What GAO Found
The number of large partnerships has more than tripled to 10,099 from tax year 2002 to 2011. Almost two-thirds of large partnerships had more than 1,000 direct and indirect partners, had six or more tiers and/or self reported being in the finance and insurance sector, with many being investment funds.
The Internal Revenue Service (IRS) audits few large partnerships. Most audits resulted in no change to the partnership's return and the aggregate change was small. Although internal control standards call for information about effective resource use, IRS has not defined what constitutes a large partnership and does not have codes to track these audits. According to IRS auditors, the audit results may be due to challenges such as finding the sources of income within multiple tiers while meeting the administrative tasks required by the Tax Equity and Fiscal Responsibility Act of 1982 (TEFRA) within specified time frames. For example, IRS auditors said that it can sometimes take months to identify the partner that represents the partnership in the audit, reducing time available to conduct the audit. TEFRA does not require large partnerships to identify this partner on tax returns. Also under TEFRA, unless the partnership elects to be taxed at the entity level (which few do), IRS must pass audit adjustments through to the ultimate partners. IRS officials stated that the process of determining each partner's share of the adjustment is paper and labor intensive. When hundreds of partners' returns have to be adjusted, the costs involved limit the number of audits IRS can conduct. Adjusting the partnership return instead of the partners' returns would reduce these costs but, without legislative action, IRS's ability to do so is limited.
Tax Equity and Fiscal Responsibility Act of 1982 (TEFRA) Audit Timeline
Note: A 3-year statute of limitations governs the time IRS has to conduct partnership audits, which is about equally split between the time from when a return is received until the audit begins and the time to do the audit. IRS then has a year to assess the partners their portion of the audit adjustment.
IRS has initiated three projects—one of which is under development—to make large partnership audit procedures more efficient, such as identifying higher risk returns to audit. However, the two projects implemented were not developed in line with project planning principles. For example, they do not have clear and measurable goals or a method for determining results. As a consequence, IRS may not be able to tell whether the projects succeed in increasing audit efficiency.
Why GAO Did This Study
More businesses are organizing as partnerships while fewer are C corporations. Unlike C corporations, partnerships do not pay income taxes but pass on income and losses to their partners. Large partnerships (those GAO defined as having $100 million or more in assets and 100 or more direct and indirect partners) are growing in number and have complex structures. Some partnerships create tiers of partnerships with hundreds of thousands of partners. Tiered large partnerships are challenging for IRS to audit because tracing income through the tiers to the ultimate partners is complex.
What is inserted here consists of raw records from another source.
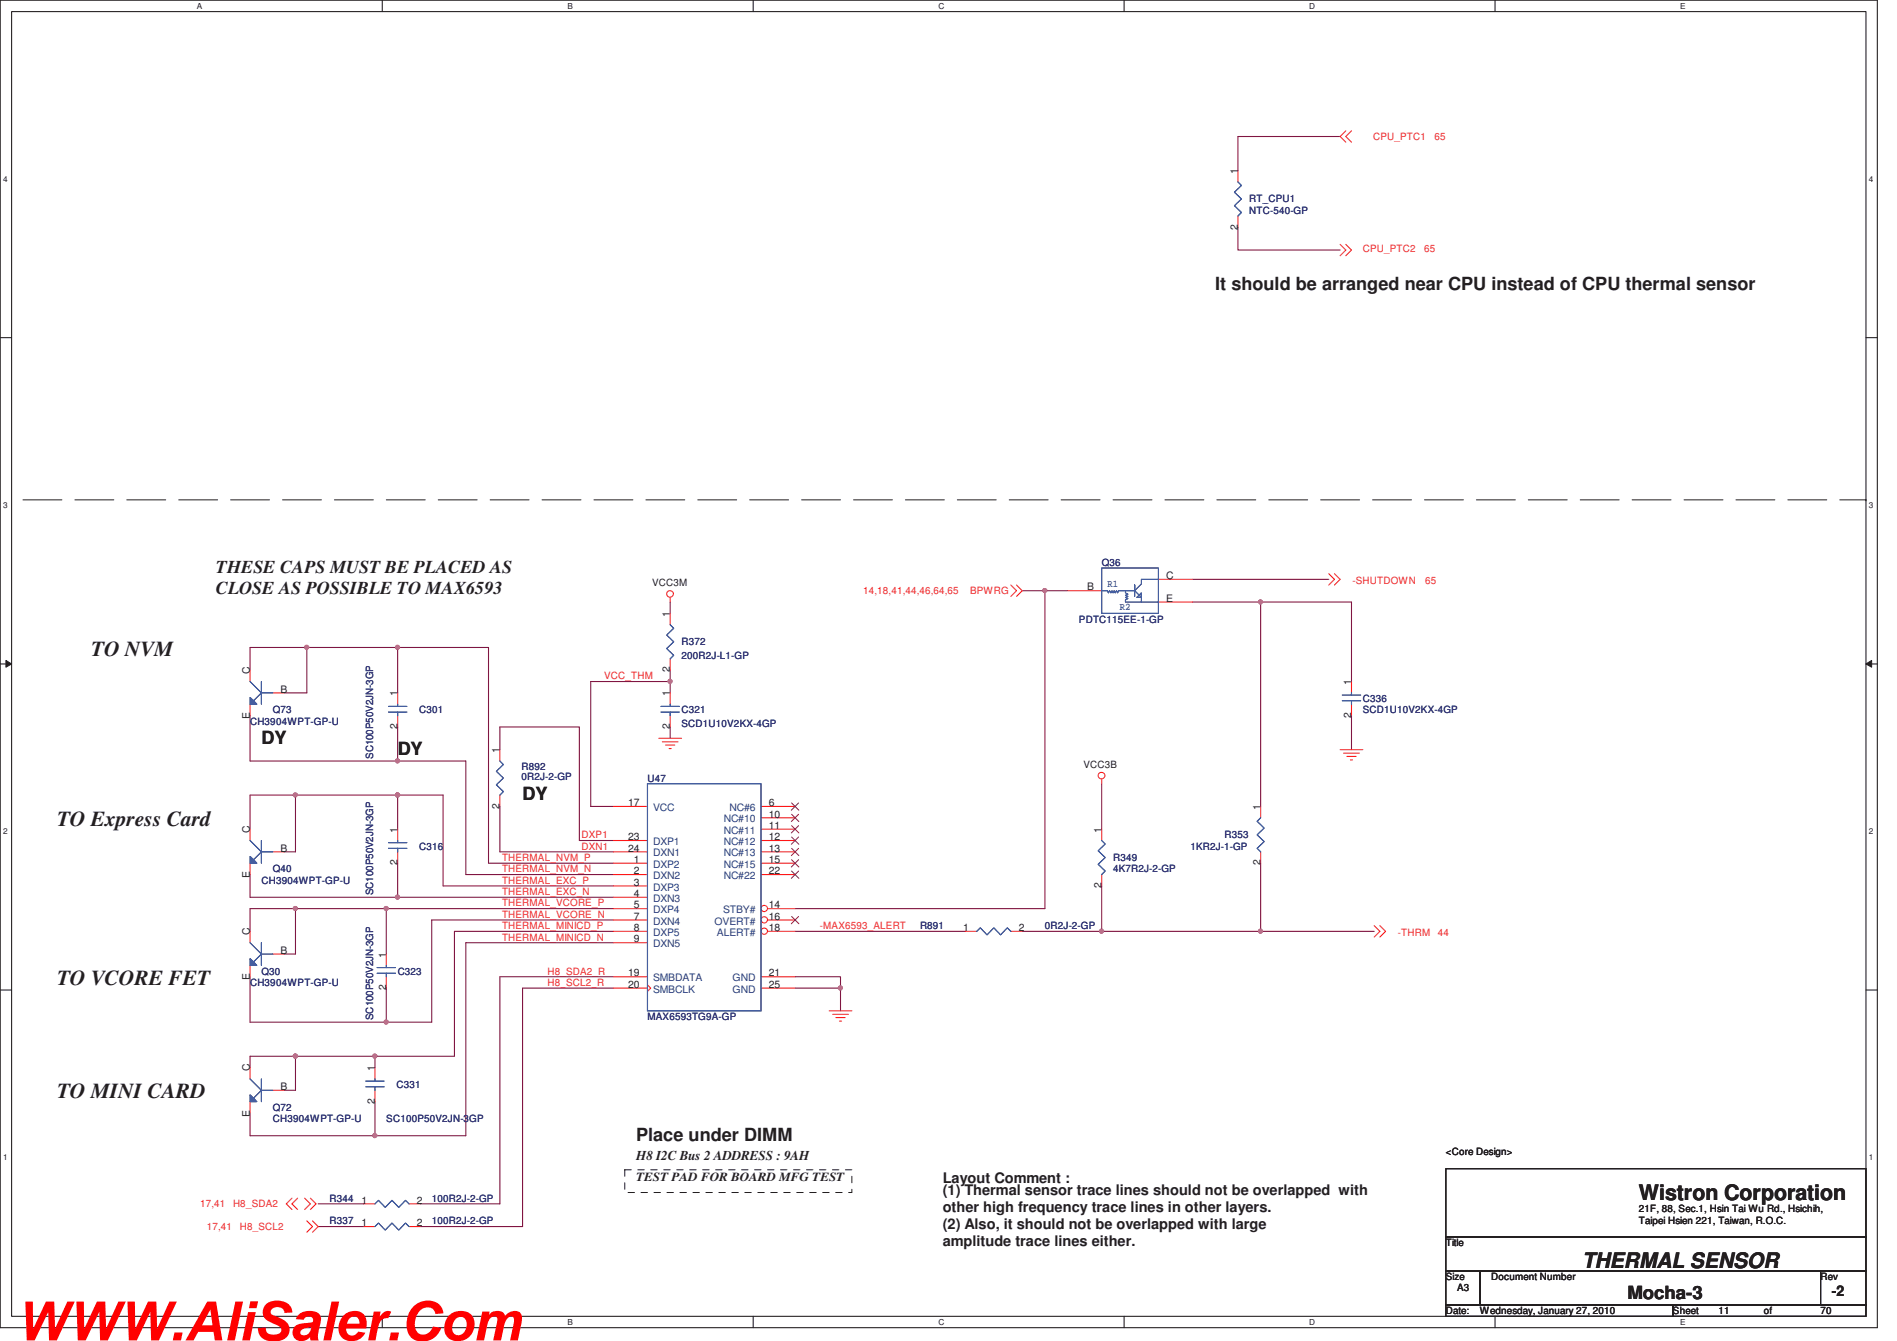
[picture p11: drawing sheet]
<svg xmlns="http://www.w3.org/2000/svg" width="297mm" height="210mm" viewBox="0 0 297 210" stroke-linecap="round" stroke-linejoin="round" font-family="sans-serif">
<path d="M0 0h294v207.9h-294zM1.8 1.8h290.4v204.3h-290.4z" fill="none" stroke="#231f20" stroke-width=".17"/>
<g fill="#fff">
<path d="M30.8 .2h.8v1.4h-.8z"/>
<path d="M30.8 206.3h.8v1.4h-.8z"/>
</g>
<path d="M59.9 0v1.8M59.9 206.1v1.8" fill="none" stroke="#231f20" stroke-width=".17"/>
<g fill="#fff">
<path d="M88.9 .2h.8v1.4h-.8z"/>
<path d="M88.9 206.3h.8v1.4h-.8z"/>
</g>
<path d="M117.9 0v1.8M117.9 206.1v1.8" fill="none" stroke="#231f20" stroke-width=".17"/>
<g fill="#fff">
<path d="M146.9 .2h.9v1.4h-.9z"/>
<path d="M146.9 206.3h.9v1.4h-.9z"/>
</g>
<path d="M176 0v1.8M176 206.1v1.8" fill="none" stroke="#231f20" stroke-width=".17"/>
<g fill="#fff">
<path d="M205 .2h.9v1.4h-.9z"/>
<path d="M205 206.3h.9v1.4h-.9z"/>
</g>
<path d="M234.1 0v1.8M234.1 206.1v1.8" fill="none" stroke="#231f20" stroke-width=".17"/>
<g fill="#fff">
<path d="M263.1 .2h.8v1.4h-.8z"/>
<path d="M263.1 206.3h.8v1.4h-.8z"/>
<path d="M.5 27.3h.7v1.4h-.7z"/>
<path d="M292.6 27.3h.7v1.4h-.7z"/>
<path d="M.5 78.4h.7v1.4h-.7z"/>
<path d="M292.6 78.4h.7v1.4h-.7z"/>
</g>
<path d="M0 52.9h1.8M292.2 52.9h1.8" fill="none" stroke="#231f20" stroke-width=".17"/>
<g fill="#fff">
<path d="M.5 129.5h.7v1.4h-.7z"/>
<path d="M292.6 129.5h.7v1.4h-.7z"/>
</g>
<path d="M0 104h1.8M292.2 104h1.8" fill="none" stroke="#231f20" stroke-width=".17"/>
<path d="M.9 103.4l.9 .6-.9 .5z" fill="#231f20"/>
<path d="M.9 103.4l.9 .6-.9 .5z" fill="none" stroke="#231f20" stroke-width=".16"/>
<path d="M292.2 104l.9-.6v1.1z" fill="#231f20"/>
<path d="M292.2 104l.9-.6v1.1z" fill="none" stroke="#231f20" stroke-width=".16"/>
<g fill="#fff">
<path d="M.5 180.5h.7v1.4h-.7z"/>
<path d="M292.6 180.5h.7v1.4h-.7z"/>
</g>
<path d="M0 155h1.8M292.2 155h1.8" fill="none" stroke="#231f20" stroke-width=".17"/>
<path d="M62.3 101.4h14.2" fill="none" stroke="#7f1542" stroke-width=".17"/>
<circle cx="62.2" cy="101.4" r=".32" fill="#b8529f"/>
<circle cx="62.2" cy="101.4" r=".32" fill="none" stroke="#b8529f" stroke-width=".17"/>
<path d="M48 101.4h14.3M76.5 101.4v33.8" fill="none" stroke="#7f1542" stroke-width=".17"/>
<circle cx="48" cy="101.4" r=".32" fill="#b8529f"/>
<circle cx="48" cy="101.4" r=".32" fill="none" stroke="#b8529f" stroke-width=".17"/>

GAO was asked to assess IRS's ability to audit large partnerships. GAO's objectives include: 1) determine what IRS knows about the number and characteristics of large partnerships, 2) assess IRS's ability to audit them, and 3) assess IRS's efforts to address the audit challenges. GAO analyzed IRS data from 2002 to 2011 and IRS audit documentation, interviewed IRS officials, met with IRS auditors in six focus groups, and interviewed private sector tax lawyers knowledgeable about partnerships.
Congress should consider requiring large partnerships to identify a partner to represent them during audits and to pay taxes on audit adjustments at the partnership level. IRS should take multiple actions, including: define large partnerships, track audit results using revised audit codes, and implement project planning principles for the audit procedure projects. IRS agreed with all the recommendations, but noted that revision of the audit codes is dependent upon future funding.
Matter for Congressional Consideration
|Congress should consider altering the TEFRA audit procedures to require partnerships that have more than a certain number of direct and indirect partners to pay any tax owed as determined by audit adjustments at the partnership level.||Legislation has been enacted that would alter TEFRA audit procedures as GAO suggested in September 2014. In October 2015, H.R. 1314 was amended to include the Bipartisan Budget Act of 2015 which included provisions that would repeal TEFRA audit procedures and put in place audit procedures that would require partnerships with more than 100 partners to pay audit adjustments at the partnership level, among other changes. In November 2015, the President signed this legislation into law.|
|Congress should consider altering the TEFRA audit procedures to require partnerships to designate a qualified Tax Matters Partner (TMP) and, if that TMP is an entity, to also identify a representative who is an individual and for partnerships to keep the designation up to date.||In October 2015, H.R. 1314 was amended to include the Bipartisan Budget Act of 2015, which included provisions that would repeal the TEFRA audit procedures and put in place new audit procedures for partnerships with more than 100 partners. This legislation was signed into law in November 2015. According to the legislation, the new audit procedures would require partnerships to designate a qualified representative for the partnership audit. However, the legislation did not require audited partnerships to identify a representative who is an individual nor do they require that audited partnerships keep the designation up to date. The legislation does give IRS the authority to develop regulations about how the partnership representative should be designated by the partnership and such regulations may address the items in GAO's report. The legislation specifies that the new partnership audit procedures apply to partnership returns filed for tax years beginning after December 31, 2017. In August 2018, IRS released the final regulations on the partnership audit regime (section 6223-- notice to partners of proceeding T.D.9839), including section 301.6223-1 which has provisions on designating a qualified representative who is an individual and keeping the designation up to date (e.g., section 301.6223-1(b)(3)), as indicated in GAO's report.|
Recommendations for Executive Action
|Internal Revenue Service||
Priority Rec.The Commissioner of Internal Revenue should track the results of large partnerships audits: (a) define a large partnership based on asset size and number of partners; (b) revise the activity codes to align with the large partnership definition; and (c) separately account for field audits and campus audits.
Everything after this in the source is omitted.